I am writing for myself and strangers. This is the only way that I can do it... Gertrude Stein

12/17/2004

Selina wrote this today:

"I want to be more like Jen and be totally, completely honest without being judgemental. Sure, outright bluntness may offend some easily offended people and I might run off some patients, but sometimes a little tough love is needed. Sometimes a person won't listen to the advice of their friends or their family, but the opinion of a doctor (or therapist, for that matter) somehow carries more weight. Maybe it's the fact that you are paying for the advice. Maybe it's the fancy degree. I think it really has to do with hearing the advice from a neutral party.

At any rate, I am going to strive to be more like Jen when I see patients. No bull, straight to the point, friendly but matter-of-fact."

And I literally cringed and almost burst into tears.

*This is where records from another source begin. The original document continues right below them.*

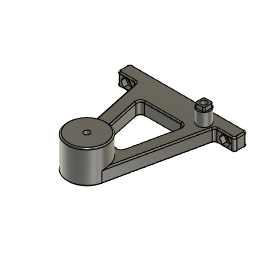
SpringFrameBack v2 (Autodesk Fusion 360 design; units mm, degrees)
Autodesk Fusion 360 part; units mm, degrees
sketch "bottom" plane through (0, 0, 0) normal (0, 0, 1) x (1, 0, 0)
  line L0 (-39.6542, 45.61) -> (46.3458, 45.61)
  line L1 (48.3458, 43.61) -> (48.3458, 37.61)
  line L2 (-41.6542, 37.61) -> (-41.6542, 43.61)
  circle A0 centre (25.8882, 34.76) radius 2.25
  arc A1 (46.3458, 35.61) -> (48.3458, 37.61) centre (46.3458, 37.61) ccw
  arc A2 (48.3458, 43.61) -> (46.3458, 45.61) centre (46.3458, 43.61) ccw
  arc A3 (-39.6542, 45.61) -> (-41.6542, 43.61) centre (-39.6542, 43.61) ccw
  arc A4 (-41.6542, 37.61) -> (-39.6542, 35.61) centre (-39.6542, 37.61) ccw
  line L3 (46.3458, 35.61) -> (34.9458, 35.61)
  line L4 (3.3458, -47.39) -> (3.3458, -32.39) construction
  circle A5 centre (3.3458, -32.39) radius 15
  line L5 (-26.299, 34.0309) -> (-11.3181, -35.5473)
  line L6 (32.9906, 34.0309) -> (18.0098, -35.5473)
  line L7 (46.3458, 35.61) -> (34.9458, 35.61)
  line L8 (-28.2542, 35.61) -> (-39.6542, 35.61)
  arc A6 (-26.299, 34.0309) -> (-28.2542, 35.61) centre (-28.2542, 33.61) ccw
  arc A7 (34.9458, 35.61) -> (32.9906, 34.0309) centre (34.9458, 33.61) ccw
  line L9 (3.3458, 45.61) -> (3.3458, 25.61) construction
  line L10 (3.3458, 25.61) -> (-10.5542, 25.61)
  line L11 (3.3458, 25.61) -> (17.2458, 25.61)
  line L12 (-13.487, 21.9785) -> (-5.9537, -13.0099)
  line L13 (20.1786, 21.9785) -> (12.6453, -13.0099)
  arc A8 (20.1786, 21.9785) -> (17.2458, 25.61) centre (17.2458, 22.61) ccw
  arc A9 (-10.5542, 25.61) -> (-13.487, 21.9785) centre (-10.5542, 22.61) ccw
  arc A10 (-5.9537, -13.0099) -> (-2.1113, -15.2372) centre (-3.0209, -12.3784) ccw
  arc A11 (8.803, -15.2372) -> (12.6453, -13.0099) centre (9.7125, -12.3784) ccw
  line L14 (3.3458, 45.61) -> (3.3458, 25.61) construction
  line L15 (3.3458, -14.39) -> (3.3458, -47.39) construction
  arc A12 (8.803, -15.2372) -> (-2.1113, -15.2372) centre (3.3458, -32.39) ccw
  arc A13 (34.9458, 35.61) -> (32.9906, 34.0309) centre (34.9458, 33.61) ccw
  circle A14 centre (3.3458, -32.39) radius 2.25
  circle A15 centre (25.8882, 34.76) radius 5
  line L16 (23.3882, 38.26) -> (28.3882, 38.26)
  line L17 (29.3882, 37.26) -> (29.3882, 32.26)
  line L18 (28.3882, 31.26) -> (23.3882, 31.26)
  line L19 (22.3882, 32.26) -> (22.3882, 37.26)
  line L20 (22.3882, 38.26) -> (29.3882, 31.26) construction
  line L21 (29.3882, 38.26) -> (22.3882, 31.26) construction
  arc A16 (23.3882, 38.26) -> (22.3882, 37.26) centre (23.3882, 37.26) ccw
  arc A17 (29.3882, 37.26) -> (28.3882, 38.26) centre (28.3882, 37.26) ccw
  arc A18 (22.3882, 32.26) -> (23.3882, 31.26) centre (23.3882, 32.26) ccw
  arc A19 (28.3882, 31.26) -> (29.3882, 32.26) centre (28.3882, 32.26) ccw
  point P0 (-41.6542, 45.61)
  point P1 (48.3458, 45.61)
  point P2 (-41.6542, 35.61)
  point P3 (25.8882, 34.76)
  dimension "d1" = 90
  dimension "d2" = 10
  dimension "d3" = 4.5
  dimension "d4" = 10.85
  dimension "d5" = 2
  dimension "d6" = 2
  dimension "d7" = 2
  dimension "d8" = 2
  dimension "d9" = 11.4
  dimension "d10" = 4
  dimension "d11" = 4
  dimension "d12" = 93
  dimension "d13" = 15
  dimension "d14" = 30
  dimension "d15" = 20
  dimension "d16" = 13.9
  dimension "d17" = 6
  dimension "d18" = 6
  dimension "d20" = 4.5
  dimension "d25" = 10
  dimension "d30" = 7
  dimension "d31" = 7
  dimension "d32" = 1
  dimension "d33" = 1
  dimension "d34" = 1
  dimension "d35" = 1
  constraint horizontal L0
  constraint vertical L1
  constraint horizontal L7
  constraint vertical L2
  constraint tangent L1 A1
  constraint tangent A1 L7
  constraint coincident P1 L0
  constraint coincident P1 L1
  constraint tangent L0 A2
  constraint tangent L1 A2
  constraint coincident P0 L0
  constraint coincident P0 L2
  constraint tangent L0 A3
  constraint tangent L2 A3
  constraint coincident P2 L7
  constraint coincident P2 L2
  constraint tangent A4 L7
  constraint tangent L2 A4
  constraint parallel L3 L7
  constraint tangent L3 A7
  constraint vertical L3.end A7.centre
  constraint vertical L14
  constraint midpoint L0 L9.start
  constraint symmetric A6 L14 A13
  constraint parallel L4 L14
  constraint coincident L4.end A5.centre
  constraint coincident A5 L5.end
  constraint symmetric L5.end L6.end L14
  constraint symmetric L5.start L6.start L14
  constraint collinear L7 L8
  constraint perpendicular L0 L9
  constraint perpendicular L9 L10
  constraint symmetric L10.end L11.end L14
  constraint tangent L10 A9
  constraint symmetric A8 A9 L14
  constraint tangent L12 A9
  constraint parallel L5 L12
  constraint tangent L12 A10
  constraint tangent A10 A12
  constraint symmetric A10 A11 L14
  constraint symmetric L12.end L13.end L14
  constraint coincident L15.start A12
  constraint collinear L14 L15
  constraint concentric A5 A12
  constraint concentric A12 A14
  constraint concentric A0 A15
  constraint horizontal L16
  constraint perpendicular L16 L17
  constraint parallel L16 L18
  constraint parallel L17 L19
  constraint coincident L20 P3
  constraint coincident L21 P3
  constraint coincident P3 A0.centre
  constraint coincident L20.start L16
  constraint coincident L20.start L19
  constraint tangent L16 A16
  constraint tangent L19 A16
  constraint coincident L21.start L16
  constraint coincident L21.start L17
  constraint tangent L16 A17
  constraint tangent L17 A17
  constraint coincident L21.end L19
  constraint coincident L21.end L18
  constraint tangent L19 A18
  constraint tangent L18 A18
  constraint coincident L20.end L17
  constraint coincident L20.end L18
  constraint tangent L17 A19
  constraint tangent L18 A19
  measures "d1" distance of P0 P1
  measures "d2" distance of P0 P2
  measures "d3" diameter of A0
  measures "d4" distance of L0 P3
  measures "d5" radius of A1
  measures "d6" radius of A2
  measures "d7" radius of A3
  measures "d8" radius of A4
  measures "d9" distance of A1.start L3.end
  measures "d10" diameter of A7
  measures "d11" diameter of A13
  measures "d12" distance of L9.start L4.start
  measures "d13" distance of L4.start L4.end
  measures "d14" diameter of A5
  measures "d15" distance of L9.start L9.end
  measures "d16" distance of L9.end L10.end
  measures "d17" diameter of A9
  measures "d18" diameter of A10
  measures "d20" diameter of A14
  measures "d25" diameter of A15
  measures "d30" distance of L20.end L21.end
  measures "d31" distance of L21.start L20.end
  measures "d32" radius of A16
  measures "d33" radius of A17
  measures "d34" radius of A18
  measures "d35" radius of A19
extrude "Extrude1" add sketch "bottom" along normal blind 10 contours L0 L1 L2 A1 A2 A3 A4 L3 A5 L5 L6 L7 L8 A6 A7 A13 | A5 | A15 | L16 L17 L18 L19 A16 A17 A18 A19
extrude "Extrude2" add sketch "bottom" along normal blind 25.5 contours A5
extrude "Extrude3" add sketch "bottom" along normal blind 20 contours A15 | L16 L17 L18 L19 A16 A17 A18 A19
extrude "Extrude4" add sketch "bottom" along normal blind 23 contours L16 L17 L18 L19 A16 A17 A18 A19
sketch "screw-hole" plane through (0, 35.61, 0) normal (0, -1, 0) x (1, 0, 0)
  line L0 (34.9458, 0) -> (46.3458, 0)
  line L1 (46.3458, 0) -> (46.3458, 10)
  line L2 (46.3458, 10) -> (34.9458, 10)
  line L3 (34.9458, 10) -> (34.9458, 0)
  line L4 (41.0825, 4.9942) -> (48.3325, 4.9942) construction
  line L5 (48.3325, 4.9942) -> (48.3325, -0.0058) construction
  line L6 (48.3325, -0.0058) -> (41.0825, -0.0058) construction
  line L7 (41.0825, -0.0058) -> (41.0825, 4.9942) construction
  circle A0 centre (41.0825, 4.9942) radius 2.25
  line L8 (45.2375, 4.9942) -> (43.16, 8.5925)
  line L9 (43.16, 8.5925) -> (39.005, 8.5925)
  line L10 (39.005, 8.5925) -> (36.9275, 4.9942)
  line L11 (36.9275, 4.9942) -> (39.005, 1.3959)
  line L12 (39.005, 1.3959) -> (43.16, 1.3959)
  line L13 (43.16, 1.3959) -> (45.2375, 4.9942)
  line L14 (3.3458, 0, -10) -> (3.3458, 0, 10)
  line L15 (-38.5459, 4.9942) -> (-36.4684, 8.5925)
  circle A1 centre (-34.3909, 4.9942) radius 2.25
  line L16 (-36.4684, 8.5925) -> (-32.3134, 8.5925)
  line L17 (-32.3134, 8.5925) -> (-30.2359, 4.9942)
  line L18 (-30.2359, 4.9942) -> (-32.3134, 1.3959)
  line L19 (-32.3134, 1.3959) -> (-36.4684, 1.3959)
  line L20 (-36.4684, 1.3959) -> (-38.5459, 4.9942)
  point P0 (41.0825, 4.9942)
  dimension "d38" = 7.25
  dimension "d39" = 5
  dimension "d40" = 4.5
  dimension "d41" = 4.155
  constraint horizontal L4
  constraint vertical L5
  constraint horizontal L6
  constraint vertical L7
  constraint coincident P0 L4.start
  constraint coincident L4 L8.start
  measures "d38" distance of P0 L4.end
  measures "d39" distance of P0 L6.end
  measures "d40" diameter of A0
  measures "d41" distance of L8.start P0
extrude "Extrude5" cut sketch "screw-hole" against normal blind 22 contours A0 | A1
extrude "Extrude6" cut sketch "screw-hole" against normal blind 3.5 contours L8 L9 L10 L11 L12 L13 | L15 L16 L17 L18 L19 L20
fillet "Fillet1" radius 1 13 edges at (25.5002, -0.7582, 10) (33.6892, 35.1659, 10) (40.6458, 35.61, 10) (47.76, 36.1957, 10) (48.3458, 40.61, 10) (47.76, 45.0242, 10) (3.3458, 45.61, 10) (-41.0684, 45.0242, 10) (-41.6542, 40.61, 10) (-41.0684, 36.1957, 10) (-33.9542, 35.61, 10) (-26.9976, 35.1659, 10) (-18.8086, -0.7582, 10)
fillet "Fillet1" radius 1 23 edges at (-10.6391, -37.8143, 25.5) (3.3458, -14.39, 10) (-4.5254, -14.9739, 10) (-9.7203, 4.4843, 10) (-12.8881, 24.4948, 10) (3.3458, 25.61, 10) (19.5797, 24.4949, 10) (16.4119, 4.4843, 10) (11.217, -14.9739, 10) (25.5002, -0.7582, 0) (33.6892, 35.1659, 0) (40.6458, 35.61, 0) (47.76, 36.1957, 0) (48.3458, 40.61, 0) (47.76, 45.0242, 0) (3.3458, 45.61, 0) (-41.0684, 45.0242, 0) (-41.6542, 40.61, 0) (-41.0684, 36.1957, 0) (-33.9542, 35.61, 0) (-26.9976, 35.1659, 0) (-18.8086, -0.7582, 0) (3.3458, -47.39, 0)
fillet "Fillet1" radius 1 8 edges at (16.4119, 4.4843, 0) (11.217, -14.9739, 0) (3.3458, -14.39, 0) (-4.5254, -14.9739, 0) (-9.7203, 4.4843, 0) (-12.8881, 24.4948, 0) (3.3458, 25.61, 0) (19.5797, 24.4949, 0)
equation "d4 = 8.60 mm + 2.25 mm"
equation "d16 = ( 27.80 / 2 ) * 1 mm"
equation "d41 = ( 8.31 / 2 ) * 1 mm"
named bodies: "SpringFrameBack"

There is no way that Selina could know that my week has completely fallen apart thanks to the very honesty and bluntness she cherishes. But it was nice that you thought of me anyway. Thank you, Selina.

The universe is colliding in strange ways. The priest I've been dying to talk to finally called me this morning, and if I weren't at work, I would have collapsed into tears and poured out my heart to him. But I didn't, just briefly told him what was going on and he sounded concerned. But I really needed for him to call me, and I am glad he did, and we are going to talk more when I get back from Pennsylvania.